By the end of 2006, the number of people in Latin America and the Caribbean with HIV will be almost 2 million, 210,000 more than in 2004, according to UNAIDS. By 2015, the region is expected to have nearly 3.5 million people living with the virus.

The Bateye Relief Alliance Dominicana, which provides free medical services in the bateyes, gets its funds from former President Bill Clinton's foundation, Lions Club International Fund and other charities. Alliance Executive Director Maria Virtudes Berroa says sugarcane workers have been systematically excluded from the public health system because of racial, economic and social discrimination.

Even though the Dominican national HIV-prevalence rate is relatively low, many health workers say it has remained virtually unchanged since 2002, and fault the government for not having a coordinated plan to provide antiretroviral medicine to the poor.

"Sometimes it's easier to work in a country that has almost no health infrastructure, like Haiti or parts of sub-Saharan Africa, than a country that has some, like the Dominican Republic," said Keith Joseph, a doctor with Partners in Health, a nongovernmental organization that also works in Haiti, Latin America, Russia and Africa.

Joseph says health officials in many countries are slow to acknowledge the seriousness of the HIV epidemic and then resist offers of assistance. He says the Dominican Republic has also been hampered by corrupt health officials, who pocket money destined for AIDS programs and mismanaged international funding entities.

According to Tony De Moya, a member of the Presidential Commission on AIDS, the Dominican government has always put more emphasis on prevention, while working with sex workers and gays to promote condom use.

"But the commitment has not yet translated into major support for AIDS prevention and treatment in the (health) budget," De Moya said. Antiretroviral therapy "has increased, but we rely on the Clinton Foundation and Global Fund" to fight AIDS, he added.

Ulrick Gaillard, chief executive officer for Bateye Relief Alliance in New York, says AIDS funds are increasingly drawn to sub-Saharan African and other regions that boast far higher numbers of people infected with the virus.

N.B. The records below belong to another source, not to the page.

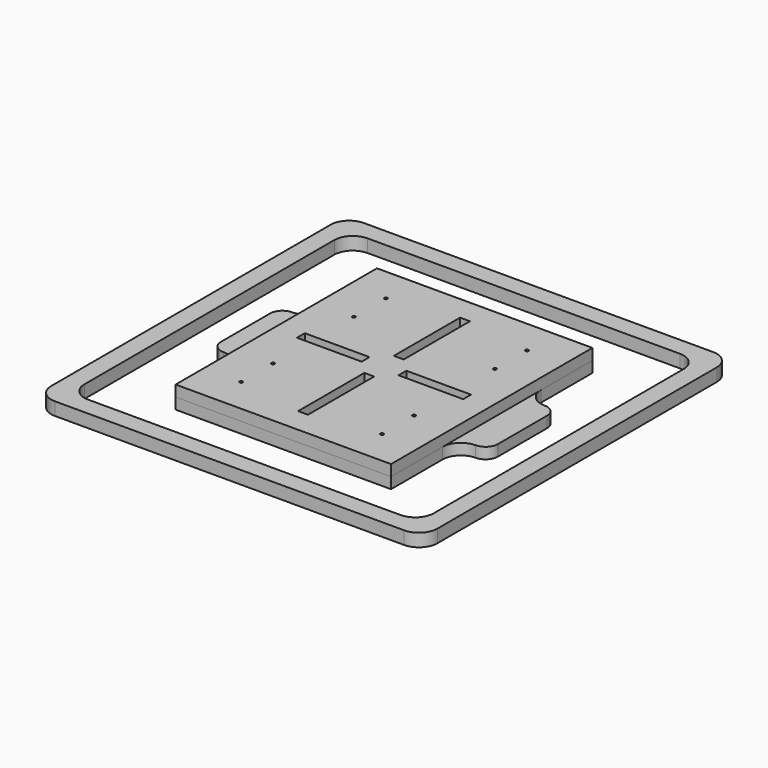
from build123d import *

# Parameters (mm, degrees)
F0_W              = 628
F0_H              = 628
F0_W_2            = 568
F0_H_2            = 568
F1_DEPTH          = 21
F2_R              = 30
F3_R              = 30
F4_W              = 61
F4_H              = 120
F5_DEPTH          = 18
F6_W              = 71
F6_H              = 137
F6_W_2            = 61
F6_H_2            = 120
F7_DEPTH          = 18.001
F7_COPIES2_COUNT  = 2
F7_COPIES2_PITCH  = 324.32631
F8_W              = 350.3333333333
F8_H              = 409.3333333333
F8_W_2            = 16
F8_H_2            = 134.6666666667
F8_W_3            = 105.1666666667
F8_H_3            = 16
F9_DEPTH          = 18
F10_R             = 2.5
F11_DEPTH         = 36.001
F11_COPIES2_COUNT = 2
F11_COPIES2_PITCH = 324.32631


# Not quite as in the source:
# - a pattern or mirror of a feature is missing from the dataset's text; its kind, count and spacing are read off the source's solid


with BuildPart() as f1:
    # F0 (on Top) → F1 (new body)
    with BuildSketch(Plane.XY):
        Rectangle(F0_W, F0_H)
        Rectangle(F0_W_2, F0_H_2, mode=Mode.SUBTRACT)
    extrude(amount=F1_DEPTH)

    # F2
    f2_edges = [f1.edges().sort_by_distance(p)[0] for p in [
        (-284, 284, 10.5),
        (284, 284, 10.5),
        (284, -284, 10.5),
        (-284, -284, 10.5),
    ]]
    fillet(f2_edges, radius=F2_R)

    # F3
    f3_edges = [f1.edges().sort_by_distance(p)[0] for p in [
        (-314, -314, 10.5),
        (314, -314, 10.5),
        (314, 314, 10.5),
        (-314, 314, 10.5),
    ]]
    fillet(f3_edges, radius=F3_R)


with BuildPart() as f5:
    # F4 (on Top) → F5 (new body)
    with BuildSketch(Plane.XY):
        with BuildLine():
            Line((-175.1666666667, -204.6666666667), (175.1666666667, -204.6666666667))
            Line((175.1666666667, -204.6666666667), (175.1666666667, -100))
            ThreePointArc((175.1666666667, -100), (183.9534632311, -78.7867965644), (205.1666666667, -70))
            ThreePointArc((205.1666666667, -70), (219.3088022904, -64.1421356237), (225.1666666667, -50))
            Line((225.1666666667, -50), (225.1666666667, 0))
            Line((225.1666666667, 0), (225.1666666667, 50))
            ThreePointArc((225.1666666667, 50), (219.3088022904, 64.1421356237), (205.1666666667, 70))
            ThreePointArc((205.1666666667, 70), (183.9534632311, 78.7867965644), (175.1666666667, 100))
            Line((175.1666666667, 100), (175.1666666667, 204.6666666667))
            Line((175.1666666667, 204.6666666667), (-175.1666666667, 204.6666666667))
            Line((-175.1666666667, 204.6666666667), (-175.1666666667, 100))
            ThreePointArc((-175.1666666667, 100), (-183.9534632311, 78.7867965644), (-205.1666666667, 70))
            ThreePointArc((-205.1666666667, 70), (-219.3088022904, 64.1421356237), (-225.1666666667, 50))
            Line((-225.1666666667, 50), (-225.1666666667, 0))
            Line((-225.1666666667, 0), (-225.1666666667, -50))
            ThreePointArc((-225.1666666667, -50), (-219.3088022904, -64.1421356237), (-205.1666666667, -70))
            ThreePointArc((-205.1666666667, -70), (-183.9534632311, -78.7867965644), (-175.1666666667, -100))
            Line((-175.1666666667, -100), (-175.1666666667, -204.6666666667))
        make_face()
        Polygon((-145.1666666667, -54.6666666667), (-114.6666666667, -54.6666666667), (-84.1666666667, -54.6666666667), (-84.1666666667, -174.6666666667), (-145.1666666667, -174.6666666667), align=None, mode=Mode.SUBTRACT)
        with Locations((114.6666666667, -114.6666666667)):
            Rectangle(F4_W, F4_H, mode=Mode.SUBTRACT)
        Polygon((-84.1666666667, 174.6666666667), (-84.1666666667, 54.6666666667), (-114.6666666667, 54.6666666667), (-145.1666666667, 54.6666666667), (-145.1666666667, 174.6666666667), align=None, mode=Mode.SUBTRACT)
        with Locations((114.6666666667, 114.6666666667)):
            Rectangle(F4_W, F4_H, mode=Mode.SUBTRACT)
    extrude(amount=F5_DEPTH)

    # F6 (on face) → F7 (cut, through all)
    with BuildSketch(Plane.XY.offset(18)):
        with Locations((-114.6666666667, 114.6666666667)):
            Rectangle(F6_W, F6_H)
        with Locations((-114.6666666667, 114.6666666667)):
            Rectangle(F6_W_2, F6_H_2, mode=Mode.SUBTRACT)
    f7 = extrude(amount=-F7_DEPTH, mode=Mode.SUBTRACT)

    # F7_copies: F7 across plane
    add(f7.mirror(Plane(origin=(0, 0, 0), x_dir=(0, 0, -1), z_dir=(0, -1, 0))), mode=Mode.SUBTRACT)

    # F7_copies1: F7 across plane
    add(f7.mirror(Plane(origin=(0, 0, 0), x_dir=(0, 0, 1), z_dir=(1, 0, 0))), mode=Mode.SUBTRACT)

    # F7_copies2: F7 ×2
    with Locations(*[Vector(0.7071067812, -0.7071067812, 0) * (i * F7_COPIES2_PITCH) for i in range(1, F7_COPIES2_COUNT)]):
        add(f7, mode=Mode.SUBTRACT)


with BuildPart() as f9:
    # F8 (on face) → F9 (new body)
    with BuildSketch(Plane.XY.offset(18)):
        Rectangle(F8_W, F8_H)
        with Locations((0, -97.3333333333)):
            Rectangle(F8_W_2, F8_H_2, mode=Mode.SUBTRACT)
        with Locations((-82.5833333333, 0)):
            Rectangle(F8_W_3, F8_H_3, mode=Mode.SUBTRACT)
        with Locations((0, 97.3333333333)):
            Rectangle(F8_W_2, F8_H_2, mode=Mode.SUBTRACT)
        with Locations((82.5833333333, 0)):
            Rectangle(F8_W_3, F8_H_3, mode=Mode.SUBTRACT)
    extrude(amount=F9_DEPTH)

    # F10 (on face) → F11 (cut, through all)
    with BuildSketch(Plane.XY.offset(36)):
        with Locations((-114.6666666667, 147.1666666667)):
            Circle(F10_R)
        with Locations((-114.6666666667, 82.1666666667)):
            Circle(F10_R)
    f11 = extrude(amount=-F11_DEPTH, mode=Mode.SUBTRACT)

    # F11_copies: F11 across plane
    add(f11.mirror(Plane(origin=(0, 0, 0), x_dir=(0, 0, 1), z_dir=(1, 0, 0))), mode=Mode.SUBTRACT)

    # F11_copies1: F11 across plane
    add(f11.mirror(Plane(origin=(0, 0, 0), x_dir=(0, 0, -1), z_dir=(0, -1, 0))), mode=Mode.SUBTRACT)

    # F11_copies2: F11 ×2
    with Locations(*[Vector(0.7071067812, -0.7071067812, 0) * (i * F11_COPIES2_PITCH) for i in range(1, F11_COPIES2_COUNT)]):
        add(f11, mode=Mode.SUBTRACT)


solid = Compound([f1.part, f5.part, f9.part])

"Funders can't get quite the same bang for their buck in the Caribbean as they can in Africa," said Gaillard. "I'm concerned that we may not be able to continue to work if they stop funding us."

The Bateye health group has already lost USAID funding in education and prevention programs for 30 bateye communities when the project ends next May, according to Gaillard.

"At this point, we're only reaching a tiny portion of the people with AIDS in the bateyes," Wendy Valdez, a physician in the Cinco Casas bateye. "It would be disastrous if we had to stop."